All Medical Procedures

Cardiac rehabilitation — also called cardiac rehab — is a customized outpatient program of exercise and education. Cardiac rehabilitation is designed to help you recover from a heart attack, other forms of heart disease or surgery to treat heart disease.

Cardiac rehabilitation is often divided into phases that involve monitored exercise, nutritional counseling, emotional support, and support and education about lifestyle changes to reduce your risks of heart problems. The goals of cardiac rehabilitation are to establish an individualized plan to help you regain strength, to prevent your condition from worsening, to reduce your risk of future heart problems, and to improve your health and quality of life.

Cardiac rehabilitation programs increase your chances of survival. Both the American Heart Association and American College of Cardiology recommend cardiac rehabilitation programs.

Carotid angioplasty (kuh-ROT-id AN-jee-o-plas-tee) is a procedure that opens clogged arteries to prevent or treat stroke. The carotid arteries are located on each side of your neck and are the main arteries supplying blood to your brain. The procedure involves temporarily inserting and inflating a tiny balloon where your carotid artery is clogged to widen the artery.

Carotid angioplasty is often combined with the placement of a small metal coil called a stent in the clogged artery. The stent helps prop the artery open and decreases the chance of it narrowing again. Carotid angioplasty and stenting may be used when traditional carotid surgery isn't feasible or is too risky.

Coronary angioplasty (AN-jee-o-plas-tee), also called percutaneous coronary intervention, is a procedure used to open clogged heart arteries. Angioplasty involves temporarily inserting and inflating a tiny balloon where your artery is clogged to help widen the artery.

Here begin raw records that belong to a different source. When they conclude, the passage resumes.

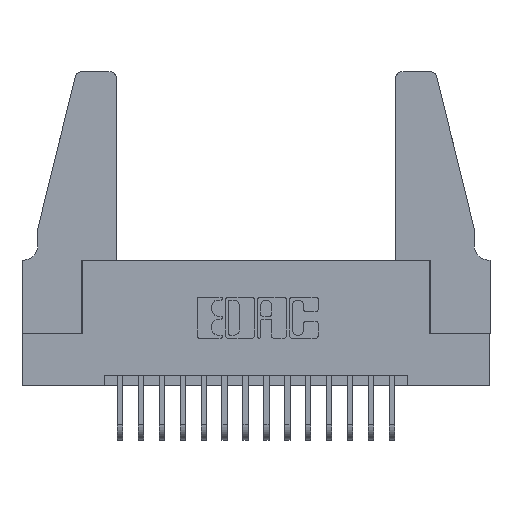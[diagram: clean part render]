
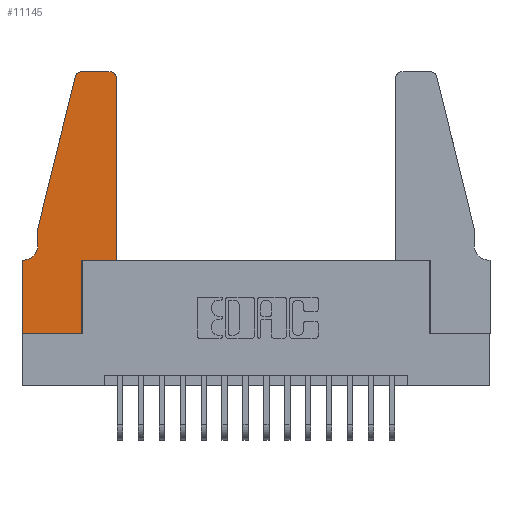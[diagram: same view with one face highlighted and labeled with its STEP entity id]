
A CAD part, top view. The second image highlights one B-rep face of the part: STEP entity #11145.
In plain terms, the highlighted planar face has unit normal (0, 0, 1).
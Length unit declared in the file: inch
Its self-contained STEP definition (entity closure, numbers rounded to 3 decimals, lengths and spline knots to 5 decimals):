
#33 = CARTESIAN_POINT ( 'NONE',  ( 0.2865, 0.35, 0.37 ) ) ;
#201 = ORIENTED_EDGE ( 'NONE', *, *, #2061, .T. ) ;
#203 = CARTESIAN_POINT ( 'NONE',  ( 0.0755, 0.5, 0.37 ) ) ;
#287 = CARTESIAN_POINT ( 'NONE',  ( 0., 0., 0.37 ) ) ;
#403 = CARTESIAN_POINT ( 'NONE',  ( 0.4205, 1.22, 0.37 ) ) ;
#985 = CARTESIAN_POINT ( 'NONE',  ( 0.4505, 0.35, 0.37 ) ) ;
#1179 = ORIENTED_EDGE ( 'NONE', *, *, #13212, .T. ) ;
#1209 = CARTESIAN_POINT ( 'NONE',  ( 0.284, 1.25, 0.37 ) ) ;
#1275 = ORIENTED_EDGE ( 'NONE', *, *, #9316, .T. ) ;
#1276 = LINE ( 'NONE', #287, #14472 ) ;
#1321 = ORIENTED_EDGE ( 'NONE', *, *, #7157, .T. ) ;
#1359 = CARTESIAN_POINT ( 'NONE',  ( 0.4505, 1.22, 0.37 ) ) ;
#1530 = DIRECTION ( 'NONE',  ( 0., -1., 0. ) ) ;
#1729 = DIRECTION ( 'NONE',  ( 1., 0., 0. ) ) ;
#2061 = EDGE_CURVE ( 'NONE', #11973, #10816, #14438, .T. ) ;
#2216 = VERTEX_POINT ( 'NONE', #14817 ) ;
#2221 = AXIS2_PLACEMENT_3D ( 'NONE', #5401, #7891, #14260 ) ;
#2316 = CARTESIAN_POINT ( 'NONE',  ( 0., 0., 0.37 ) ) ;
#2404 = VECTOR ( 'NONE', #12878, 39.37008 ) ;
#2495 = CIRCLE ( 'NONE', #5008, 0.03 ) ;
#2524 = CARTESIAN_POINT ( 'NONE',  ( 0.0755, 0.5, 0.37 ) ) ;
#2651 = LINE ( 'NONE', #13878, #12477 ) ;
#3098 = CARTESIAN_POINT ( 'NONE',  ( 0.0755, 0.42, 0.37 ) ) ;
#3107 = CARTESIAN_POINT ( 'NONE',  ( 0.284, 1.22, 0.37 ) ) ;
#3110 = LINE ( 'NONE', #12853, #9934 ) ;
#3555 = CARTESIAN_POINT ( 'NONE',  ( 0.2865, 0., 0.37 ) ) ;
#3731 = CARTESIAN_POINT ( 'NONE',  ( 0., 0., 0.37 ) ) ;
#3781 = ORIENTED_EDGE ( 'NONE', *, *, #9706, .T. ) ;
#3836 = DIRECTION ( 'NONE',  ( -1., 0., 0. ) ) ;
#3840 = VERTEX_POINT ( 'NONE', #2316 ) ;
#3897 = DIRECTION ( 'NONE',  ( -0.239, -0.971, 0. ) ) ;
#4207 = VECTOR ( 'NONE', #1530, 39.37008 ) ;
#4350 = DIRECTION ( 'NONE',  ( 0., 0., -1. ) ) ;
#4402 = DIRECTION ( 'NONE',  ( 1., 0., 0. ) ) ;
#4858 = VECTOR ( 'NONE', #10003, 39.37008 ) ;
#4940 = VECTOR ( 'NONE', #5510, 39.37008 ) ;
#5008 = AXIS2_PLACEMENT_3D ( 'NONE', #3107, #12085, #4402 ) ;
#5057 = VERTEX_POINT ( 'NONE', #12518 ) ;
#5401 = CARTESIAN_POINT ( 'NONE',  ( 0., 0.35, 0.37 ) ) ;
#5450 = EDGE_CURVE ( 'NONE', #14455, #2216, #13625, .T. ) ;
#5510 = DIRECTION ( 'NONE',  ( -1., 0., 0. ) ) ;
#5614 = VERTEX_POINT ( 'NONE', #3555 ) ;
#5623 = EDGE_CURVE ( 'NONE', #16062, #14455, #7446, .T. ) ;
#5739 = DIRECTION ( 'NONE',  ( -1., 0., 0. ) ) ;
#5833 = FACE_OUTER_BOUND ( 'NONE', #7696, .T. ) ;
#5992 = ORIENTED_EDGE ( 'NONE', *, *, #11619, .T. ) ;
#6297 = DIRECTION ( 'NONE',  ( 1., 0., 0. ) ) ;
#6413 = ORIENTED_EDGE ( 'NONE', *, *, #5450, .T. ) ;
#6820 = LINE ( 'NONE', #3731, #12411 ) ;
#7157 = EDGE_CURVE ( 'NONE', #5614, #10305, #15539, .T. ) ;
#7244 = EDGE_CURVE ( 'NONE', #8904, #11973, #14351, .T. ) ;
#7446 = LINE ( 'NONE', #985, #4858 ) ;
#7658 = ORIENTED_EDGE ( 'NONE', *, *, #9943, .T. ) ;
#7696 = EDGE_LOOP ( 'NONE', ( #1275, #7658, #3781, #8396, #201, #1179, #15959, #5992, #1321, #16173, #15034, #6413 ) ) ;
#7891 = DIRECTION ( 'NONE',  ( 0., 0., 1. ) ) ;
#8396 = ORIENTED_EDGE ( 'NONE', *, *, #7244, .T. ) ;
#8460 = CARTESIAN_POINT ( 'NONE',  ( 0.0055, 0.42, 0.37 ) ) ;
#8904 = VERTEX_POINT ( 'NONE', #2524 ) ;
#9130 = PLANE ( 'NONE',  #2221 ) ;
#9316 = EDGE_CURVE ( 'NONE', #2216, #16002, #11761, .T. ) ;
#9446 = DIRECTION ( 'NONE',  ( 0., 0., 1. ) ) ;
#9706 = EDGE_CURVE ( 'NONE', #12492, #8904, #3110, .T. ) ;
#9781 = AXIS2_PLACEMENT_3D ( 'NONE', #403, #9446, #1729 ) ;
#9934 = VECTOR ( 'NONE', #3897, 39.37008 ) ;
#9943 = EDGE_CURVE ( 'NONE', #16002, #12492, #2495, .T. ) ;
#10003 = DIRECTION ( 'NONE',  ( 0., 1., 0. ) ) ;
#10305 = VERTEX_POINT ( 'NONE', #11402 ) ;
#10816 = VERTEX_POINT ( 'NONE', #13673 ) ;
#10949 = LINE ( 'NONE', #12791, #14284 ) ;
#11145 = ADVANCED_FACE ( 'NONE', ( #5833 ), #9130, .T. ) ;
#11402 = CARTESIAN_POINT ( 'NONE',  ( 0.2865, 0.35, 0.37 ) ) ;
#11440 = CARTESIAN_POINT ( 'NONE',  ( 0.25487, 1.22718, 0.37 ) ) ;
#11619 = EDGE_CURVE ( 'NONE', #3840, #5614, #6820, .T. ) ;
#11761 = LINE ( 'NONE', #15573, #4940 ) ;
#11973 = VERTEX_POINT ( 'NONE', #3098 ) ;
#12085 = DIRECTION ( 'NONE',  ( 0., 0., 1. ) ) ;
#12411 = VECTOR ( 'NONE', #15128, 39.37008 ) ;
#12477 = VECTOR ( 'NONE', #6297, 39.37008 ) ;
#12492 = VERTEX_POINT ( 'NONE', #11440 ) ;
#12518 = CARTESIAN_POINT ( 'NONE',  ( 0., 0.35, 0.37 ) ) ;
#12791 = CARTESIAN_POINT ( 'NONE',  ( 0.0755, 0.35, 0.37 ) ) ;
#12853 = CARTESIAN_POINT ( 'NONE',  ( 0.0755, 0.5, 0.37 ) ) ;
#12878 = DIRECTION ( 'NONE',  ( 0., 1., 0. ) ) ;
#13158 = DIRECTION ( 'NONE',  ( 0., -1., 0. ) ) ;
#13212 = EDGE_CURVE ( 'NONE', #10816, #5057, #10949, .T. ) ;
#13403 = EDGE_CURVE ( 'NONE', #5057, #3840, #1276, .T. ) ;
#13625 = CIRCLE ( 'NONE', #9781, 0.03 ) ;
#13673 = CARTESIAN_POINT ( 'NONE',  ( 0.0055, 0.35, 0.37 ) ) ;
#13878 = CARTESIAN_POINT ( 'NONE',  ( 0.4505, 0.35, 0.37 ) ) ;
#14077 = AXIS2_PLACEMENT_3D ( 'NONE', #8460, #4350, #5739 ) ;
#14124 = CARTESIAN_POINT ( 'NONE',  ( 0.4505, 0.35, 0.37 ) ) ;
#14260 = DIRECTION ( 'NONE',  ( 1., 0., 0. ) ) ;
#14284 = VECTOR ( 'NONE', #3836, 39.37008 ) ;
#14351 = LINE ( 'NONE', #203, #4207 ) ;
#14438 = CIRCLE ( 'NONE', #14077, 0.07 ) ;
#14455 = VERTEX_POINT ( 'NONE', #1359 ) ;
#14472 = VECTOR ( 'NONE', #13158, 39.37008 ) ;
#14817 = CARTESIAN_POINT ( 'NONE',  ( 0.4205, 1.25, 0.37 ) ) ;
#15034 = ORIENTED_EDGE ( 'NONE', *, *, #5623, .T. ) ;
#15128 = DIRECTION ( 'NONE',  ( 1., 0., 0. ) ) ;
#15278 = EDGE_CURVE ( 'NONE', #10305, #16062, #2651, .T. ) ;
#15539 = LINE ( 'NONE', #33, #2404 ) ;
#15573 = CARTESIAN_POINT ( 'NONE',  ( 0.2605, 1.25, 0.37 ) ) ;
#15959 = ORIENTED_EDGE ( 'NONE', *, *, #13403, .T. ) ;
#16002 = VERTEX_POINT ( 'NONE', #1209 ) ;
#16062 = VERTEX_POINT ( 'NONE', #14124 ) ;
#16173 = ORIENTED_EDGE ( 'NONE', *, *, #15278, .T. ) ;

Angioplasty is often combined with the permanent placement of a small wire mesh tube called a stent to help prop the artery open and decrease its chance of narrowing again. Some stents are coated with medication to help keep your artery open (drug-eluting stents), while others are not (bare-metal stents).

Angioplasty can improve symptoms of blocked arteries, such as chest pain and shortness of breath. Angioplasty can also be used during a heart attack to quickly open a blocked artery and reduce the amount of damage to your heart.

Coronary bypass surgery is a procedure that restores blood flow to your heart muscle by diverting the flow of blood around a section of a blocked artery in your heart. Coronary bypass surgery uses a healthy blood vessel taken from your leg, arm, chest or abdomen and connects it to the other arteries in your heart so that blood is bypassed around the diseased or blocked area. After a coronary bypass surgery, blood flow to your heart is improved. Coronary bypass surgery is just one option to treat heart disease.

Coronary bypass surgery improves symptoms, such as chest pain and shortness of breath due to poor blood flow to the heart. In some situations, coronary bypass surgery may improve your heart function and reduce your risk of dying of heart disease.